### [DATA PROVIDED]
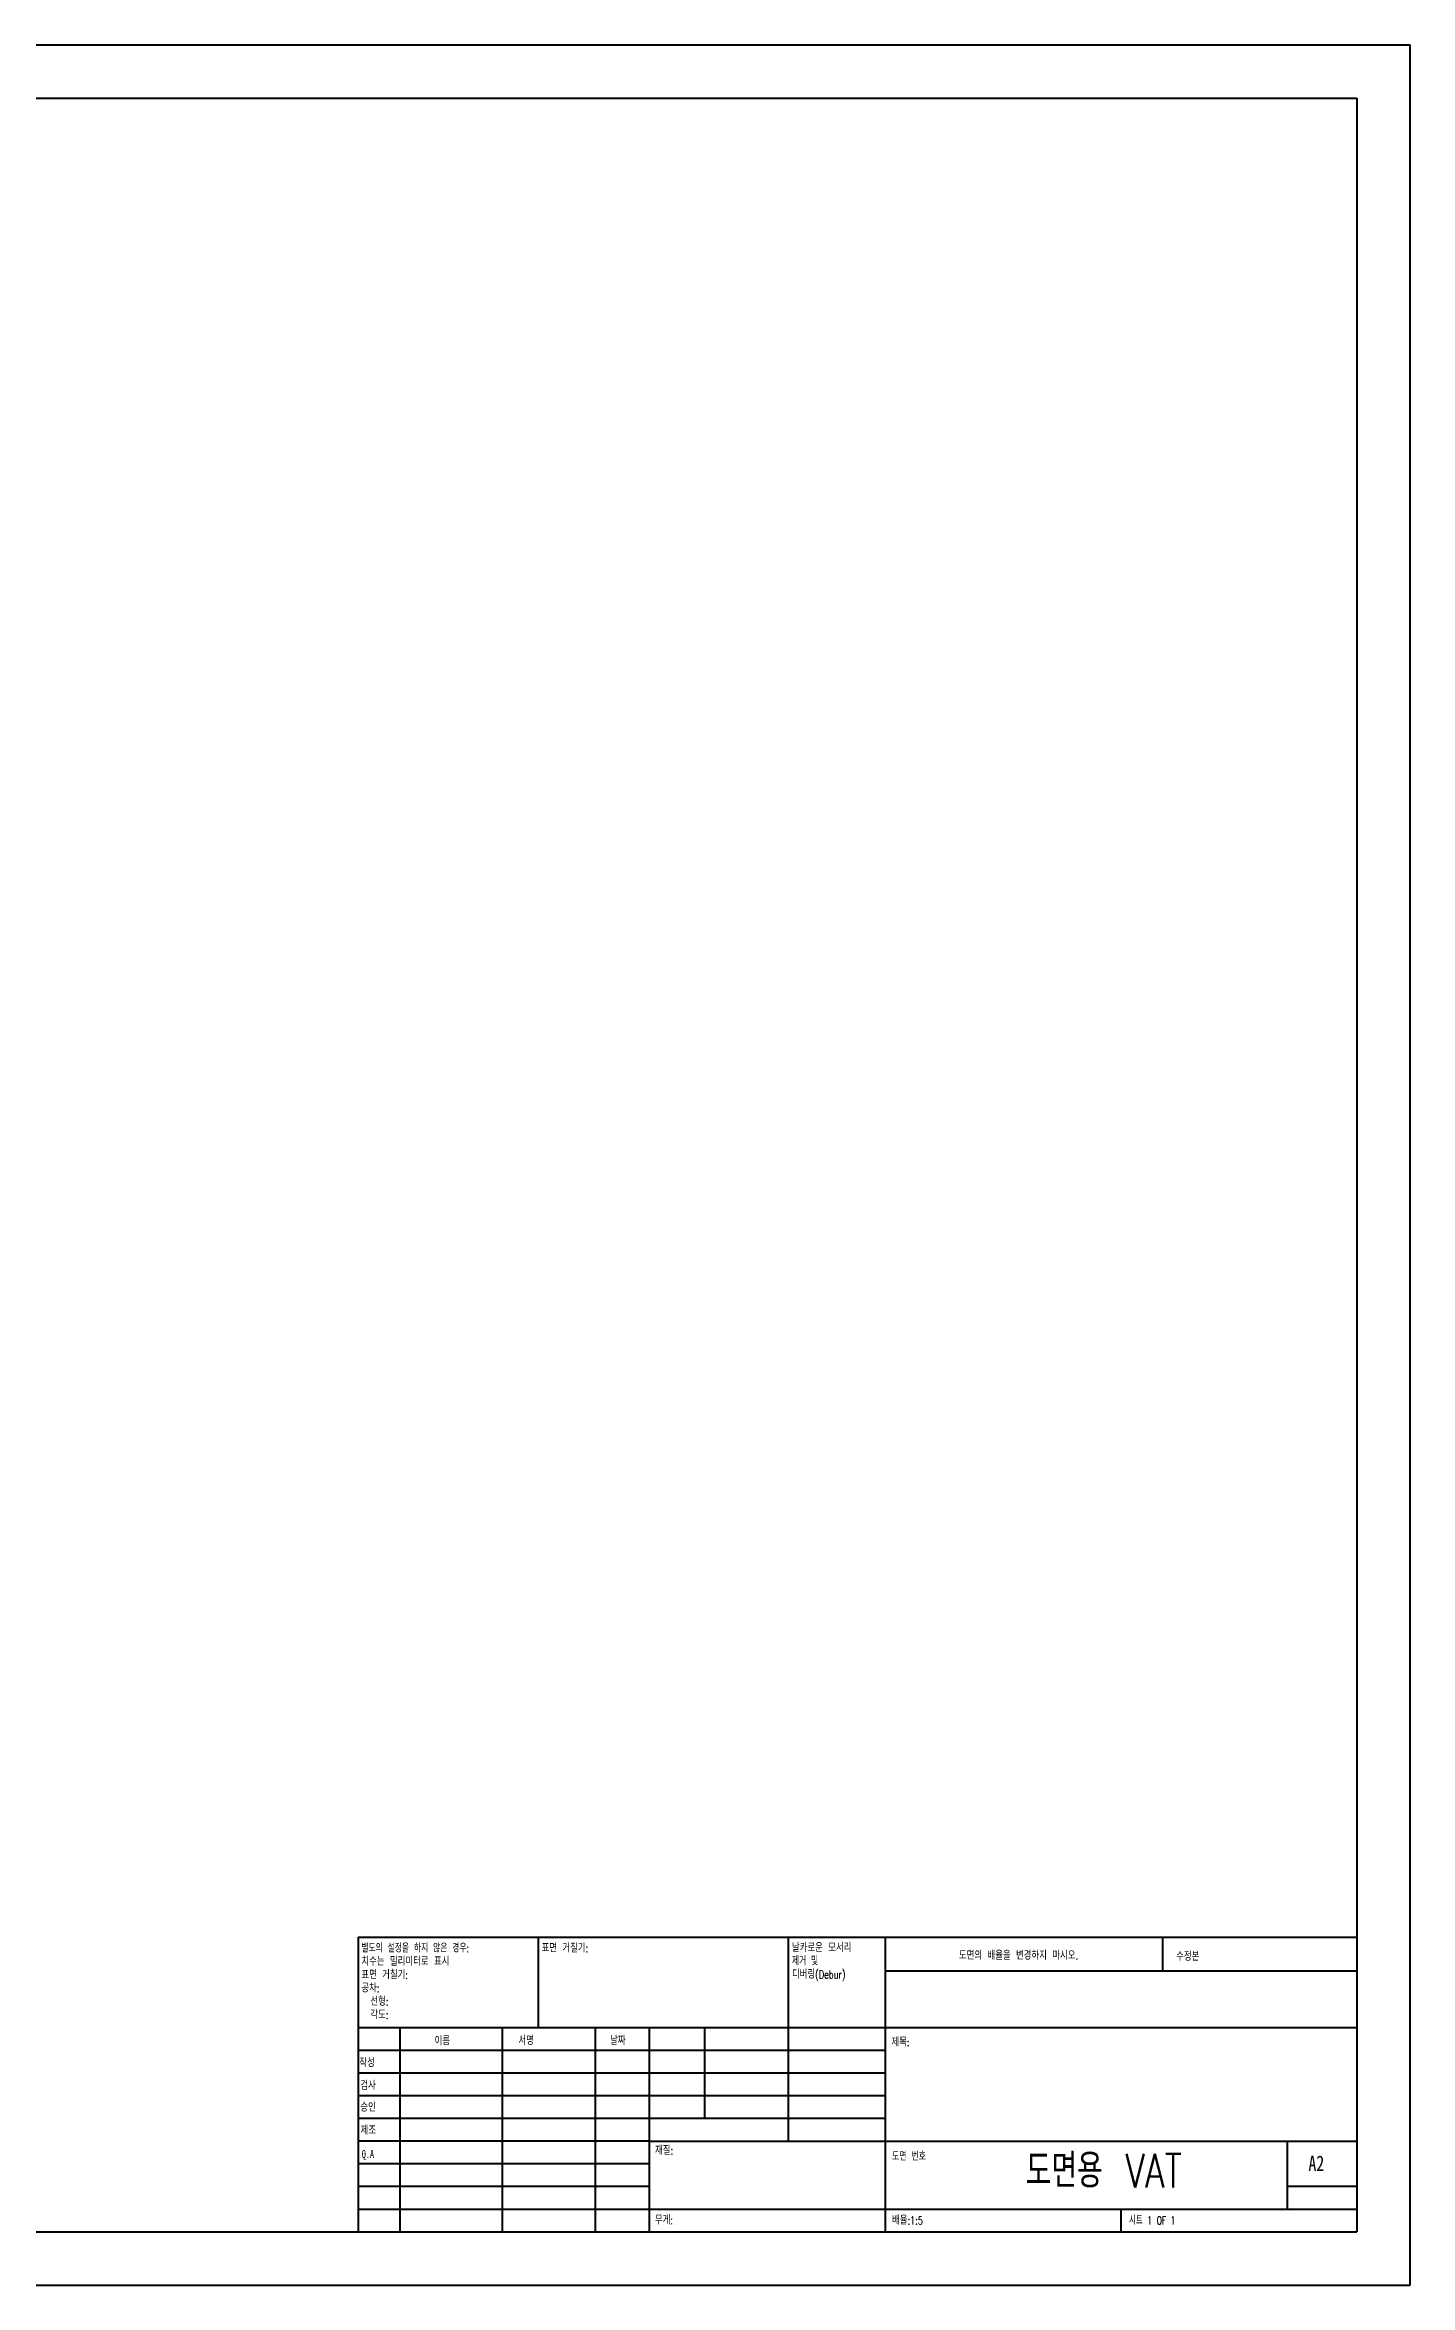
# Model space of a CAD drawing. Header units: millimetres. Extents: x 0 to 594, y 0 to 420.
# Drawn here: x 338.1 to 594.1, y 0.2 to 420.2 of the extents above; entities that cross this region are included whole.
import ezdxf

# ---------------------------------------------------------------- set-up
doc = ezdxf.new("R2010")
doc.units = ezdxf.units.MM
doc.styles.add('SLDTEXTSTYLE0', font='TXT', dxfattribs={"width": 0.75, "bigfont": 'bigfont'})
doc.styles.add('SLDTEXTSTYLE1', font='TXT', dxfattribs={"width": 0.75})
doc.styles.add('SLDTEXTSTYLE2', font='TXT', dxfattribs={"width": 0.666667, "bigfont": 'bigfont'})
doc.styles.add('SLDTEXTSTYLE3', font='TXT', dxfattribs={"width": 0.7, "bigfont": 'bigfont'})
doc.styles.add('SLDTEXTSTYLE4', font='TXT', dxfattribs={"width": 0.6875, "bigfont": 'bigfont'})
doc.styles.add('SLDTEXTSTYLE5', font='TXT', dxfattribs={"width": 0.691176, "bigfont": 'bigfont'})

# ---------------------------------------------------------------- blocks, each defined once
blk = doc.blocks.new('SW_NOTE_0')
at = {"color": 0, "linetype": 'Continuous', "lineweight": 0, "char_height": 1.5, "attachment_point": 1}
for s, insert, style in [('날카로운 모서리', (0, 1.93), 'SLDTEXTSTYLE0'), ('제거 및', (0, -0.57), 'SLDTEXTSTYLE4'), ('디버링(Debur)', (0, -3.07), 'SLDTEXTSTYLE0')]:
    blk.add_mtext(s, dxfattribs=dict(at, insert=insert, style=style))
blk = doc.blocks.new('SW_NOTE_1')
at = {"color": 0, "linetype": 'Continuous', "lineweight": 0, "char_height": 1.5, "attachment_point": 1}
for s, insert, style in [('별도의 설정을 하지 않은 경우:', (0, 1.93), 'SLDTEXTSTYLE5'), ('표면 거칠기:', (0, -3.07), 'SLDTEXTSTYLE0'), ('치수는 밀리미터로 표시', (0, -0.57), 'SLDTEXTSTYLE0'), ('공차:', (0, -5.57), 'SLDTEXTSTYLE0'), ('선형:', (1.69, -8.07), 'SLDTEXTSTYLE0'), ('각도:', (1.69, -10.57), 'SLDTEXTSTYLE0')]:
    blk.add_mtext(s, dxfattribs=dict(at, insert=insert, style=style))

msp = doc.modelspace()

# ---------------------------------------------------------------- linework, layer by layer
at = {"color": 7, "linetype": 'Continuous', "lineweight": 40}
for p, q in [((0.08, 420.21), (594.08, 420.21)), ((594.08, 0.21), (594.08, 420.21)), ((25.08, 410.21), (584.08, 410.21)), ((584.08, 410.21), (584.08, 10.21)), ((396.88, 65.46), (584.08, 65.46)), ((396.88, 65.46), (396.88, 10.21)), ((430.68, 48.46), (430.68, 65.46)), ((477.48, 65.46), (477.48, 27.21)), ((495.68, 65.46), (495.68, 10.21)), ((547.68, 59.09), (547.68, 65.46)), ((584.08, 59.09), (495.68, 59.09)), ((584.08, 48.46), (396.88, 48.46)), ((404.68, 48.46), (404.68, 10.21)), ((423.87, 48.46), (423.87, 10.21)), ((441.28, 48.46), (441.28, 10.21)), ((451.48, 10.21), (451.48, 48.46)), ((461.88, 31.46), (461.88, 48.46)), ((495.68, 44.21), (396.88, 44.21)), ((495.68, 39.96), (396.88, 39.96)), ((495.68, 35.71), (396.88, 35.71)), ((495.68, 31.46), (396.88, 31.46)), ((451.48, 27.21), (396.88, 27.21)), ((451.48, 27.21), (584.08, 27.21)), ((571.08, 14.46), (571.08, 27.21)), ((451.48, 22.96), (396.88, 22.96)), ((451.48, 18.71), (396.88, 18.71)), ((584.08, 18.71), (571.08, 18.71)), ((396.88, 14.46), (584.08, 14.46)), ((539.88, 10.21), (539.88, 14.46)), ((25.08, 10.21), (584.08, 10.21)), ((0.08, 0.21), (594.08, 0.21))]:
    msp.add_line(p, q, dxfattribs=at)

# ---------------------------------------------------------------- block references
at = {"color": 7, "linetype": 'Continuous', "lineweight": 0}
for name, p in [('SW_NOTE_1', (397.47, 62.2)), ('SW_NOTE_0', (478.19, 62.28))]:
    msp.add_blockref(name, p, dxfattribs=at)

# ---------------------------------------------------------------- texts
for s, insert, char_height, attachment_point, style in [('표면 거칠기:', (431.25, 64.13), 1.5, 1, 'SLDTEXTSTYLE0'), ('도면의 배율을 변경하지 마시오.', (509.49, 62.75), 1.5, 1, 'SLDTEXTSTYLE0'), ('수정본', (550.21, 62.55), 1.5, 1, 'SLDTEXTSTYLE0'), ('이름', (411.2, 46.72), 1.5, 1, 'SLDTEXTSTYLE0'), ('서명', (426.91, 46.78), 1.5, 1, 'SLDTEXTSTYLE0'), ('날짜', (444.09, 46.79), 1.5, 1, 'SLDTEXTSTYLE0'), ('제목:', (496.84, 46.49), 1.5, 1, 'SLDTEXTSTYLE0'), ('작성', (397.09, 42.64), 1.5, 1, 'SLDTEXTSTYLE0'), ('검사', (397.29, 38.37), 1.5, 1, 'SLDTEXTSTYLE0'), ('승인', (397.28, 34.28), 1.5, 1, 'SLDTEXTSTYLE0'), ('제조', (397.33, 29.95), 1.5, 1, 'SLDTEXTSTYLE0'), ('Q.A', (397.55, 25.56), 1.5, 1, 'SLDTEXTSTYLE1'), ('재질:', (452.52, 26.2), 1.5, 1, 'SLDTEXTSTYLE0'), ('도면 번호', (496.95, 25.08), 1.5, 1, 'SLDTEXTSTYLE3'), ('도면용 VAT', (536.65, 24.85), 6.35, 2, 'SLDTEXTSTYLE0'), ('A2', (575, 24.52), 2.91, 1, 'SLDTEXTSTYLE1'), ('무게:', (452.5, 13.16), 1.499, 1, 'SLDTEXTSTYLE0'), ('배율:1:5', (496.95, 13.11), 1.5, 1, 'SLDTEXTSTYLE0'), ('시트 1 OF 1', (541.36, 13.11), 1.5, 1, 'SLDTEXTSTYLE2')]:
    msp.add_mtext(s, dxfattribs=dict(at, insert=insert, char_height=char_height, attachment_point=attachment_point, style=style))

doc.saveas('drawing.dxf')

### [EXERCISE]
Where a line above contains the string "lineweight", copy that line.

### [REPLY]
at = {"color": 0, "linetype": 'Continuous', "lineweight": 0, "char_height": 1.5, "attachment_point": 1}
at = {"color": 0, "linetype": 'Continuous', "lineweight": 0, "char_height": 1.5, "attachment_point": 1}
at = {"color": 7, "linetype": 'Continuous', "lineweight": 40}
at = {"color": 7, "linetype": 'Continuous', "lineweight": 0}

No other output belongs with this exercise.